During the 1930s, ‘wasting disease’ decimated eelgrass, Zostera marina L., meadows along the Atlantic Coast of North America and Europe with over 90% loss. Outbreaks of wasting disease were also documented in the Pacific Northwest and New Zealand. Wasting disease continues to affect eelgrass meadows with variable degrees of loss, though none as catastrophic as the 1930s. Speculations concerning the causative agent of the 1930s wasting disease included microorganisms, oil pollution, drought, or changes in salinity, temperature, or irradiance.
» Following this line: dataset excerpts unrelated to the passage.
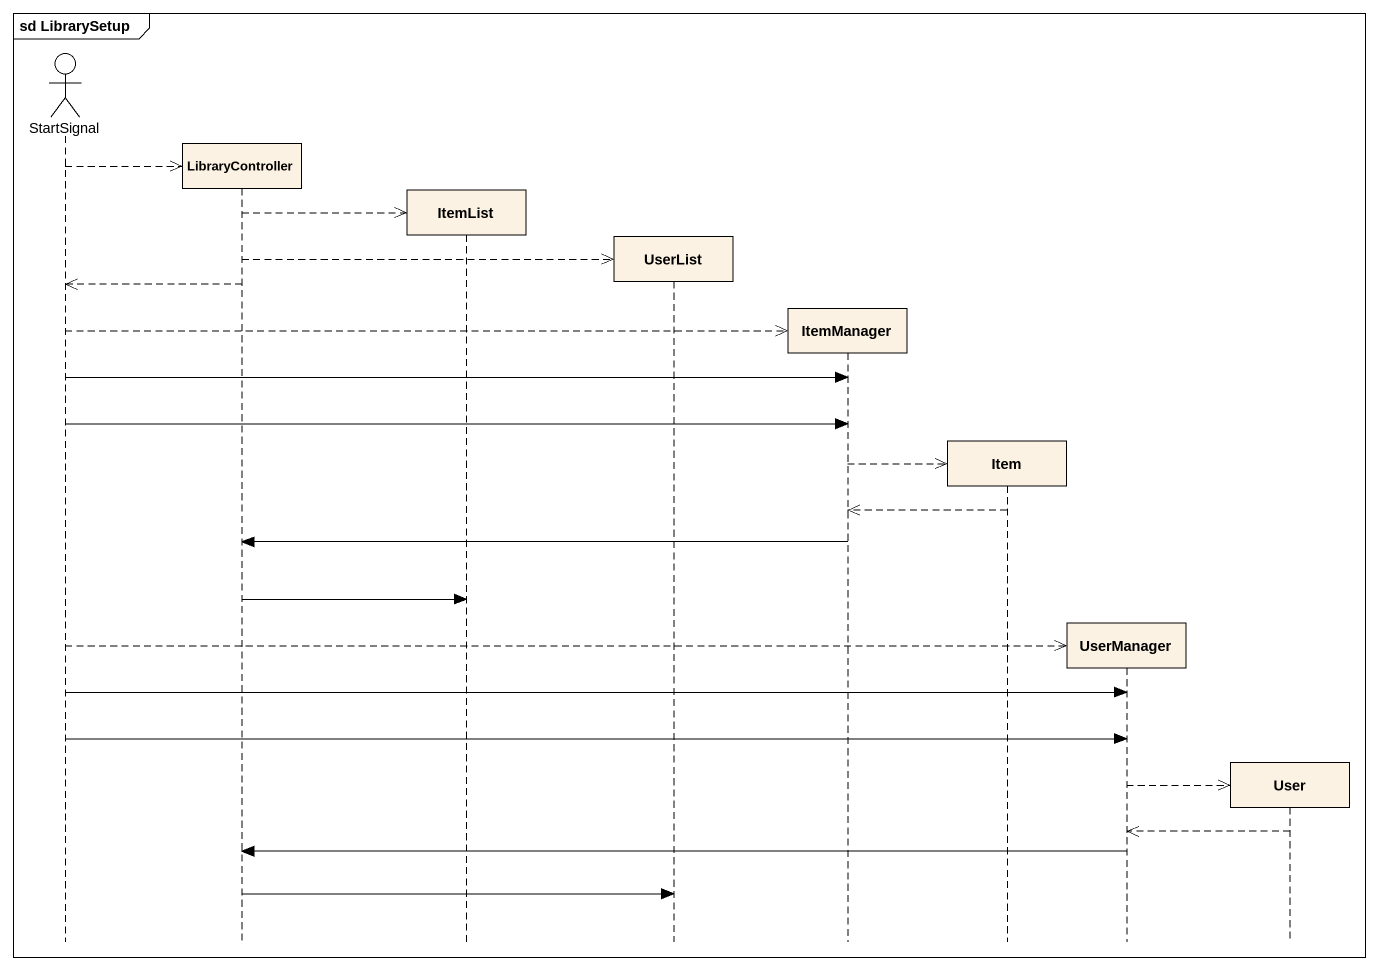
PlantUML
@startuml
mainframe sd LibrarySetup
hide footbox
actor StartSignal
participant LibraryController
participant ItemList
participant UserList
participant ItemManager
participant Item
participant UserManager
participant User

StartSignal -->> LibraryController **
LibraryController -->> ItemList **
LibraryController -->> UserList **
LibraryController -->> StartSignal
StartSignal -->> ItemManager **
StartSignal -> ItemManager
StartSignal -> ItemManager
ItemManager -->> Item **
Item -->> ItemManager
ItemManager -> LibraryController
LibraryController -> ItemList
StartSignal -->> UserManager **
StartSignal -> UserManager
StartSignal -> UserManager
UserManager -->> User **
User -->> UserManager
UserManager -> LibraryController
LibraryController -> UserList
@enduml
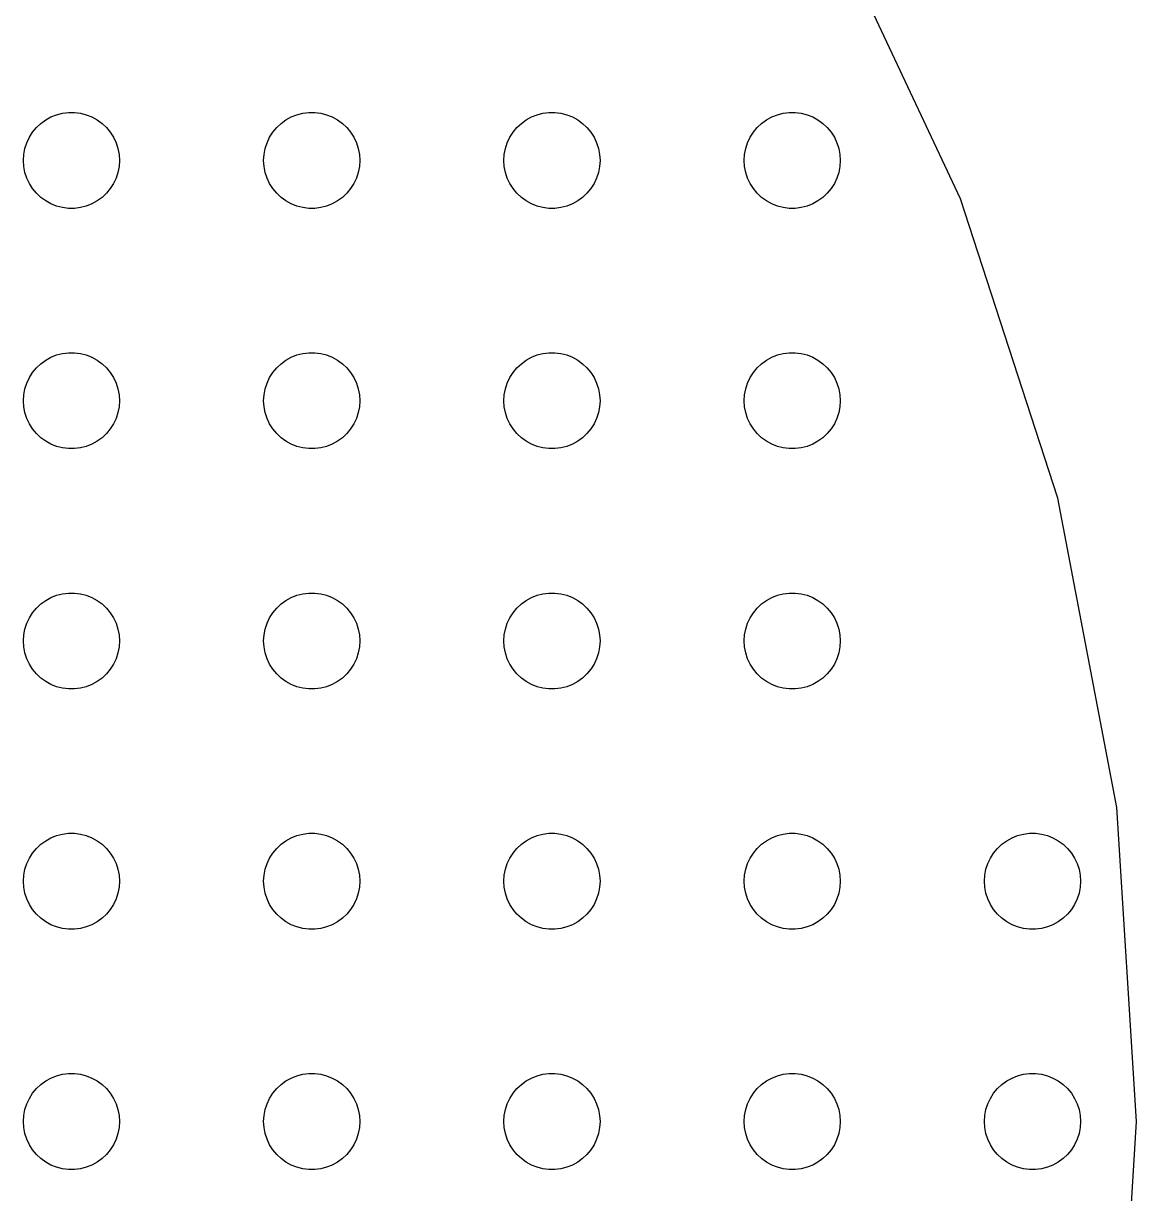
# Model space of a CAD drawing. Header units: metres. Extents: x -156 to 156, y -156 to 156.
# Drawn here: x 87 to 156.5, y -4.5 to 68.6 of the extents above; entities that cross this region are included whole.
import ezdxf

# ---------------------------------------------------------------- set-up
doc = ezdxf.new("R2010")
doc.units = ezdxf.units.M

msp = doc.modelspace()

# ---------------------------------------------------------------- linework, layer by layer
for p, q in [((145.51, 57.6115), (137.142, 75.3944)), ((88.7227, 62.7145), (89.073, 62.8532)), ((89.073, 62.8532), (89.4379, 62.9469)), ((89.4379, 62.9469), (89.8116, 62.9941)), ((89.8116, 62.9941), (90.1884, 62.9941)), ((90.1884, 62.9941), (90.5621, 62.9469)), ((90.5621, 62.9469), (90.927, 62.8532)), ((90.927, 62.8532), (91.2773, 62.7145)), ((103.723, 62.7145), (104.073, 62.8532)), ((104.073, 62.8532), (104.438, 62.9469)), ((104.438, 62.9469), (104.812, 62.9941)), ((104.812, 62.9941), (105.188, 62.9941)), ((105.188, 62.9941), (105.562, 62.9469)), ((105.562, 62.9469), (105.927, 62.8532)), ((105.927, 62.8532), (106.277, 62.7145)), ((118.723, 62.7145), (119.073, 62.8532)), ((119.073, 62.8532), (119.438, 62.9469)), ((119.438, 62.9469), (119.812, 62.9941)), ((119.812, 62.9941), (120.188, 62.9941)), ((120.188, 62.9941), (120.562, 62.9469)), ((120.562, 62.9469), (120.927, 62.8532)), ((120.927, 62.8532), (121.277, 62.7145)), ((133.723, 62.7145), (134.073, 62.8532)), ((134.073, 62.8532), (134.438, 62.9469)), ((134.438, 62.9469), (134.812, 62.9941)), ((134.812, 62.9941), (135.188, 62.9941)), ((135.188, 62.9941), (135.562, 62.9469)), ((135.562, 62.9469), (135.927, 62.8532)), ((135.927, 62.8532), (136.277, 62.7145)), ((87.8131, 62.0536), (88.0877, 62.3115)), ((88.0877, 62.3115), (88.3925, 62.533)), ((88.3925, 62.533), (88.7227, 62.7145)), ((91.2773, 62.7145), (91.6075, 62.533)), ((91.6075, 62.533), (91.9123, 62.3115)), ((91.9123, 62.3115), (92.1869, 62.0536)), ((102.813, 62.0536), (103.088, 62.3115)), ((103.088, 62.3115), (103.393, 62.533)), ((103.393, 62.533), (103.723, 62.7145)), ((106.277, 62.7145), (106.607, 62.533)), ((106.607, 62.533), (106.912, 62.3115)), ((106.912, 62.3115), (107.187, 62.0536)), ((117.813, 62.0536), (118.088, 62.3115)), ((118.088, 62.3115), (118.393, 62.533)), ((118.393, 62.533), (118.723, 62.7145)), ((121.277, 62.7145), (121.607, 62.533)), ((121.607, 62.533), (121.912, 62.3115)), ((121.912, 62.3115), (122.187, 62.0536)), ((132.813, 62.0536), (133.088, 62.3115)), ((133.088, 62.3115), (133.393, 62.533)), ((133.393, 62.533), (133.723, 62.7145)), ((136.277, 62.7145), (136.607, 62.533)), ((136.607, 62.533), (136.912, 62.3115)), ((136.912, 62.3115), (137.187, 62.0536)), ((87.2107, 61.1044), (87.3711, 61.4453)), ((87.3711, 61.4453), (87.573, 61.7634)), ((87.573, 61.7634), (87.8131, 62.0536)), ((92.1869, 62.0536), (92.427, 61.7634)), ((92.427, 61.7634), (92.6289, 61.4453)), ((92.6289, 61.4453), (92.7893, 61.1044)), ((102.211, 61.1044), (102.371, 61.4453)), ((102.371, 61.4453), (102.573, 61.7634)), ((102.573, 61.7634), (102.813, 62.0536)), ((107.187, 62.0536), (107.427, 61.7634)), ((107.427, 61.7634), (107.629, 61.4453)), ((107.629, 61.4453), (107.789, 61.1044)), ((117.211, 61.1044), (117.371, 61.4453)), ((117.371, 61.4453), (117.573, 61.7634)), ((117.573, 61.7634), (117.813, 62.0536)), ((122.187, 62.0536), (122.427, 61.7634)), ((122.427, 61.7634), (122.629, 61.4453)), ((122.629, 61.4453), (122.789, 61.1044)), ((132.211, 61.1044), (132.371, 61.4453)), ((132.371, 61.4453), (132.573, 61.7634)), ((132.573, 61.7634), (132.813, 62.0536)), ((137.187, 62.0536), (137.427, 61.7634)), ((137.427, 61.7634), (137.629, 61.4453)), ((137.629, 61.4453), (137.789, 61.1044)), ((87.0237, 60.376), (87.0943, 60.7461)), ((87.0943, 60.7461), (87.2107, 61.1044)), ((92.7893, 61.1044), (92.9057, 60.7461)), ((92.9057, 60.7461), (92.9763, 60.376)), ((102.024, 60.376), (102.094, 60.7461)), ((102.094, 60.7461), (102.211, 61.1044)), ((107.789, 61.1044), (107.906, 60.7461)), ((107.906, 60.7461), (107.976, 60.376)), ((117.024, 60.376), (117.094, 60.7461)), ((117.094, 60.7461), (117.211, 61.1044)), ((122.789, 61.1044), (122.906, 60.7461)), ((122.906, 60.7461), (122.976, 60.376)), ((132.024, 60.376), (132.094, 60.7461)), ((132.094, 60.7461), (132.211, 61.1044)), ((137.789, 61.1044), (137.906, 60.7461)), ((137.906, 60.7461), (137.976, 60.376)), ((87, 60), (87.0237, 60.376)), ((87.0237, 59.624), (87, 60)), ((92.9763, 60.376), (93, 60)), ((93, 60), (92.9763, 59.624)), ((102, 60), (102.024, 60.376)), ((102.024, 59.624), (102, 60)), ((107.976, 60.376), (108, 60)), ((108, 60), (107.976, 59.624)), ((117, 60), (117.024, 60.376)), ((117.024, 59.624), (117, 60)), ((122.976, 60.376), (123, 60)), ((123, 60), (122.976, 59.624)), ((132, 60), (132.024, 60.376)), ((132.024, 59.624), (132, 60)), ((137.976, 60.376), (138, 60)), ((138, 60), (137.976, 59.624)), ((87.0943, 59.2539), (87.0237, 59.624)), ((87.2107, 58.8956), (87.0943, 59.2539)), ((92.9057, 59.2539), (92.7893, 58.8956)), ((92.9763, 59.624), (92.9057, 59.2539)), ((102.094, 59.2539), (102.024, 59.624)), ((102.211, 58.8956), (102.094, 59.2539)), ((107.906, 59.2539), (107.789, 58.8956)), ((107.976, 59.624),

In 1987, it was shown using Koch’s postulates that the eelgrass wasting disease is caused by infection with a marine slime-mold-like protist, Labyrinthula zosterae, a host-specific pathogen. Wasting disease infection spreads either through direct contact with an infected growing plant or drifting detached plant parts. The initial symptoms are black-brown areas on the leaves, which, as the infection develops, coalesce to form patches, larger blackened spots and streaks; ultimately, the plant dies. The photosynthetic efficiency of green leaves is reduced by half at the margins of the necrotic region, and above these blackened spots photosynthetic activity is diminished. Microscopic examination of necrotic leaves reveals that the pathogen moves rapidly (175 μm min–1) through tissues, penetrating cell walls. The protist initiates enzymatic degradation of the cell wall and destruction of the cytoplasm, creating the black spots. Labyrinthula activity slows at salinities less than 20 to 25. Elevated temperature and low light were implicated in the 1930s epidemic. Recent studies show that elevated temperature and prolonged low light levels create metabolic stress which increases plant susceptibility to the disease while high phenolic levels in eelgrass reduce susceptibility. The reports of unexplained eelgrass die-off in Californian estuaries, as well as observations of blackened leaf tissue along the west coast, prompt the need for scientific investigation of wasting disease across the region.